GOAL OF THE EXERCISE:
Repeat, line for line, the entries below from the first line to the line containing "Commit message: Fill BOM", counting both ends.

Records from a data collection
+ + +

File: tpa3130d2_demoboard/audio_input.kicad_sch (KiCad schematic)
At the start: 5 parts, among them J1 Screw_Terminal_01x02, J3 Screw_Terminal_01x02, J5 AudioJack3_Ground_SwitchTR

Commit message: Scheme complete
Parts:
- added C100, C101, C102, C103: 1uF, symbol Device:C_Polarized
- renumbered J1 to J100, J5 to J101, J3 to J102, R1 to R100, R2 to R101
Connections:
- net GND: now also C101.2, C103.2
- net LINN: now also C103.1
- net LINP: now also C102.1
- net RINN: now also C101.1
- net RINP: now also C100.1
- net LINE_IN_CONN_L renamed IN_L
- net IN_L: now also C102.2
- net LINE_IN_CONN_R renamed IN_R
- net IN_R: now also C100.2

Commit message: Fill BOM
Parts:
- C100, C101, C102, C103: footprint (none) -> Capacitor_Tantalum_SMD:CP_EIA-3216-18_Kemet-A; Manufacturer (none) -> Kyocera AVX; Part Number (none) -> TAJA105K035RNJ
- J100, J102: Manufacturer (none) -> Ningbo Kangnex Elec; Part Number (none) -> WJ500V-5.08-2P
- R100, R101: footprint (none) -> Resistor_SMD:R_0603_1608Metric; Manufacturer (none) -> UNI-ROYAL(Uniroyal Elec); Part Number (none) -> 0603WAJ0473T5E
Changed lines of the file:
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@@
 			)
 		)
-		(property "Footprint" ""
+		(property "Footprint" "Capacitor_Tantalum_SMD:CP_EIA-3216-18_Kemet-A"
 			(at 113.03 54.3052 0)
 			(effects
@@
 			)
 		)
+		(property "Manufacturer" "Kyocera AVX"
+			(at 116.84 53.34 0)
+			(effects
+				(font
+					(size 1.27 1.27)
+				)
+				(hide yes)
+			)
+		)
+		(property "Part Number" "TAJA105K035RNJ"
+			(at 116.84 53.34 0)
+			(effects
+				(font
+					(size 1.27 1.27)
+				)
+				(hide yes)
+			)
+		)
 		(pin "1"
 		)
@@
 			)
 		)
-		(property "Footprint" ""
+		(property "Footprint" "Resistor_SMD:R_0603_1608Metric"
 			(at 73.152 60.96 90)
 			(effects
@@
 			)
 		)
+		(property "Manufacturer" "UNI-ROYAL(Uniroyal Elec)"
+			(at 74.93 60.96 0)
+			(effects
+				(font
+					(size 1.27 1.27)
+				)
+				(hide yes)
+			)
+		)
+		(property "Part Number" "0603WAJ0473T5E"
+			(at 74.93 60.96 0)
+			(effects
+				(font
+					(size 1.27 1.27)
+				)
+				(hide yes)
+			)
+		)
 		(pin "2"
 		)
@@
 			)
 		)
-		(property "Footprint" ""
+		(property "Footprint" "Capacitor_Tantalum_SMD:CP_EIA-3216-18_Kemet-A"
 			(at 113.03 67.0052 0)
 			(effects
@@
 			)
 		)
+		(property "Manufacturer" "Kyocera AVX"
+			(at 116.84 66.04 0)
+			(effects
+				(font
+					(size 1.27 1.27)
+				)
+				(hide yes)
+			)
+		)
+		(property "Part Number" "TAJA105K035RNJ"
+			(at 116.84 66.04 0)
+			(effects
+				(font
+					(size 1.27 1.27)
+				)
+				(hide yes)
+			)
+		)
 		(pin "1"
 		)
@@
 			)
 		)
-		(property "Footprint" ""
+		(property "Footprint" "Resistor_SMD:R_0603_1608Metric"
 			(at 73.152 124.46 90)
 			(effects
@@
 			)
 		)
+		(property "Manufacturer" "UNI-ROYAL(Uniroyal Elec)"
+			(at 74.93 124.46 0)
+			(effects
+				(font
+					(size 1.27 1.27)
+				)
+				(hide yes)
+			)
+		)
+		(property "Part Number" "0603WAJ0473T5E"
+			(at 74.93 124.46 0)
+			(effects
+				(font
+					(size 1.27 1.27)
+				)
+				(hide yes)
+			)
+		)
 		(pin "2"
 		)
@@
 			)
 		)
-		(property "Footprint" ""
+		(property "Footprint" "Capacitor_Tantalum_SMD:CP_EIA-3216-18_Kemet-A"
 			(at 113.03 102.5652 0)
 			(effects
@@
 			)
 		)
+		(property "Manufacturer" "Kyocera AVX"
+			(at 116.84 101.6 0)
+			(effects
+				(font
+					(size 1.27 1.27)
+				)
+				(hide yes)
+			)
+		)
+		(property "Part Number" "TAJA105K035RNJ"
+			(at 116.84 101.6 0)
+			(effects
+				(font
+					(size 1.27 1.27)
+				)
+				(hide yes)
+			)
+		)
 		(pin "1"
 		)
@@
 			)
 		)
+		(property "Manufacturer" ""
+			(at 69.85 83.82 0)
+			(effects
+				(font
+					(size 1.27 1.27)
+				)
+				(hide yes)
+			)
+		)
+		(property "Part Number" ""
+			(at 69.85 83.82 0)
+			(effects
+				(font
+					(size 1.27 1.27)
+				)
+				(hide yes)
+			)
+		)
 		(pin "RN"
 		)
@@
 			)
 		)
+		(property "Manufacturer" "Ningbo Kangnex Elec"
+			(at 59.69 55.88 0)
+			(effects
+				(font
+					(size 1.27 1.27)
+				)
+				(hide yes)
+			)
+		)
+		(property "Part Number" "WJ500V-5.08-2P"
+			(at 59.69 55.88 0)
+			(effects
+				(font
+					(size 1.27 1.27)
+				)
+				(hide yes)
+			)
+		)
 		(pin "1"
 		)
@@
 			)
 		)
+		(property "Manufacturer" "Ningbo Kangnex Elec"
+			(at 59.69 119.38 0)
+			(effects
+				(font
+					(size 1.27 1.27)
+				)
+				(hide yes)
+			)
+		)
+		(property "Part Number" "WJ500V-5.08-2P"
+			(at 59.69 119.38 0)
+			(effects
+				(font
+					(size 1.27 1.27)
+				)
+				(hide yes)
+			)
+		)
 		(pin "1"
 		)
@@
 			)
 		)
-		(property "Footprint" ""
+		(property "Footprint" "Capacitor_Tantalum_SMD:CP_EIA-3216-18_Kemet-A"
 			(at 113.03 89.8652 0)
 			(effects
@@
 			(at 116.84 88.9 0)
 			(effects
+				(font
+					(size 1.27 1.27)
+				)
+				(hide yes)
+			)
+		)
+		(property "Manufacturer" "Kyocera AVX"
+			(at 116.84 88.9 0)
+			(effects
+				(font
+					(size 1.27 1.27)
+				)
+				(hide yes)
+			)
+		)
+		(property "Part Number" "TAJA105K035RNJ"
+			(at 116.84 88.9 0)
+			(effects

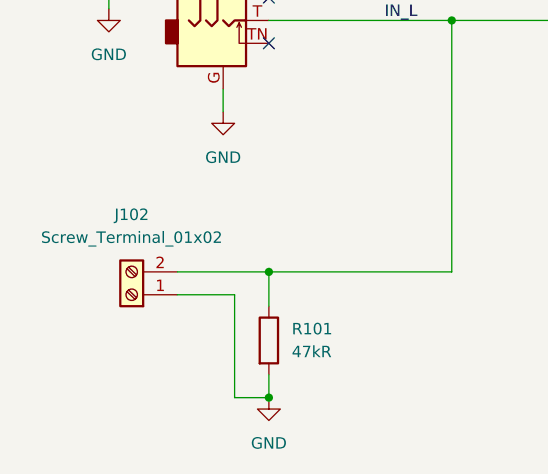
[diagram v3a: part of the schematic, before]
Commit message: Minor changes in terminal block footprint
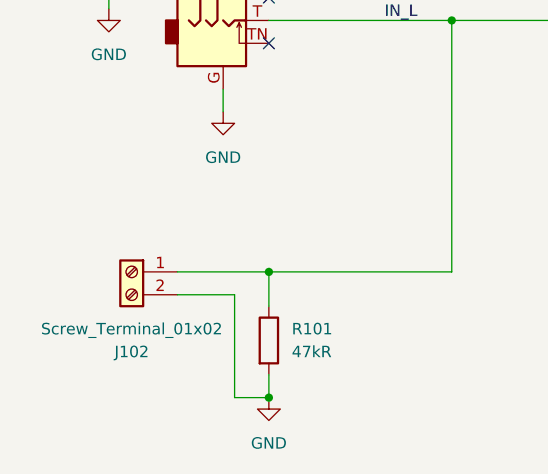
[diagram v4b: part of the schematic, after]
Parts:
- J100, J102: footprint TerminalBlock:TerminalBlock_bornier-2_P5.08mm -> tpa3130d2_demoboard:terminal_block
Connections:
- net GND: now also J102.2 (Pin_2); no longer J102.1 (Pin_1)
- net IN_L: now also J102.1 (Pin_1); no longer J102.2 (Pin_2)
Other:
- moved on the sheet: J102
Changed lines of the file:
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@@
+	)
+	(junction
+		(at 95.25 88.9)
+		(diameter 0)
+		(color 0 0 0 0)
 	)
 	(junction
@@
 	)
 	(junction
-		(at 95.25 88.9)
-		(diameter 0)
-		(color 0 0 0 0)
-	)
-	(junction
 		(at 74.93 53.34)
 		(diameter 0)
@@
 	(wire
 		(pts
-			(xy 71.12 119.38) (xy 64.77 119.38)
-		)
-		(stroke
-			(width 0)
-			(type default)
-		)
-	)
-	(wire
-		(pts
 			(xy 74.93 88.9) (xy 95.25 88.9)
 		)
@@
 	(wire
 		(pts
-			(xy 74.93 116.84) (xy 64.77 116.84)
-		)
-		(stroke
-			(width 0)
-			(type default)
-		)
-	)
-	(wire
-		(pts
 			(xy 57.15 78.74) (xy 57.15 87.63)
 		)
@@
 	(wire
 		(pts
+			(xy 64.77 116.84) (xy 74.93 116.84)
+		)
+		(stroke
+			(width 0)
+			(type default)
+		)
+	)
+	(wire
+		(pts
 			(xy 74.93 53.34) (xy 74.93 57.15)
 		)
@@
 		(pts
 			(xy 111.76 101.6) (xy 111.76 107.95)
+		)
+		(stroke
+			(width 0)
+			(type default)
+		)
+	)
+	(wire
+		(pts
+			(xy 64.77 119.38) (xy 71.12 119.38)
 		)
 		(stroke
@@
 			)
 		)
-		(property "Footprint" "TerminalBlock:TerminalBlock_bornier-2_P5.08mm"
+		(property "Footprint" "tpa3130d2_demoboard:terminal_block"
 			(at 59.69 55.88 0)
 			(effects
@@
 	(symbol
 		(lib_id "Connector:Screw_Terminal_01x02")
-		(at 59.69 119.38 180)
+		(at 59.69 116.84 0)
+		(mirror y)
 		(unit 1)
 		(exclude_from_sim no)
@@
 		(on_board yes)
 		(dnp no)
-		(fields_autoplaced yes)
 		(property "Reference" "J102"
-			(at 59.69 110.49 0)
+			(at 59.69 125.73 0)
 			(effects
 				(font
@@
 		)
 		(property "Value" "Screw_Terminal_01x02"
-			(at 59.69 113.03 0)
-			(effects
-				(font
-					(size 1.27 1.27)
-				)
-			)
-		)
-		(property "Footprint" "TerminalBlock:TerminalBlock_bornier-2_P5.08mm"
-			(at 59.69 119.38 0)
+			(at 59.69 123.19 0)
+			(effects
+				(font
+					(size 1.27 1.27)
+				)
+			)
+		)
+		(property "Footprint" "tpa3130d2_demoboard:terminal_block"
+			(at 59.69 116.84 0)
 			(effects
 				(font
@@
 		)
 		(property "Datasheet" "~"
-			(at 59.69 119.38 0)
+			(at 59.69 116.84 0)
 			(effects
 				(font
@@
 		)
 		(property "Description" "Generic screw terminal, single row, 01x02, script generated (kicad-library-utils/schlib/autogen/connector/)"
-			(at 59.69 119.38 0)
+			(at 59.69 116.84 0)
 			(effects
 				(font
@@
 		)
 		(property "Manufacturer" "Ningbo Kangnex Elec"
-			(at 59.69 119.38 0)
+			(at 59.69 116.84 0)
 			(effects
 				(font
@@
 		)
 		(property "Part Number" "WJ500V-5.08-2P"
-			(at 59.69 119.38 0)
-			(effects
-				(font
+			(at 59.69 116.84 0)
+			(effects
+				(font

+ + +

WRITTEN RESPONSE:
File: tpa3130d2_demoboard/audio_input.kicad_sch (KiCad schematic)
At the start: 5 parts, among them J1 Screw_Terminal_01x02, J3 Screw_Terminal_01x02, J5 AudioJack3_Ground_SwitchTR

Commit message: Scheme complete
Parts:
- added C100, C101, C102, C103: 1uF, symbol Device:C_Polarized
- renumbered J1 to J100, J5 to J101, J3 to J102, R1 to R100, R2 to R101
Connections:
- net GND: now also C101.2, C103.2
- net LINN: now also C103.1
- net LINP: now also C102.1
- net RINN: now also C101.1
- net RINP: now also C100.1
- net LINE_IN_CONN_L renamed IN_L
- net IN_L: now also C102.2
- net LINE_IN_CONN_R renamed IN_R
- net IN_R: now also C100.2

Commit message: Fill BOM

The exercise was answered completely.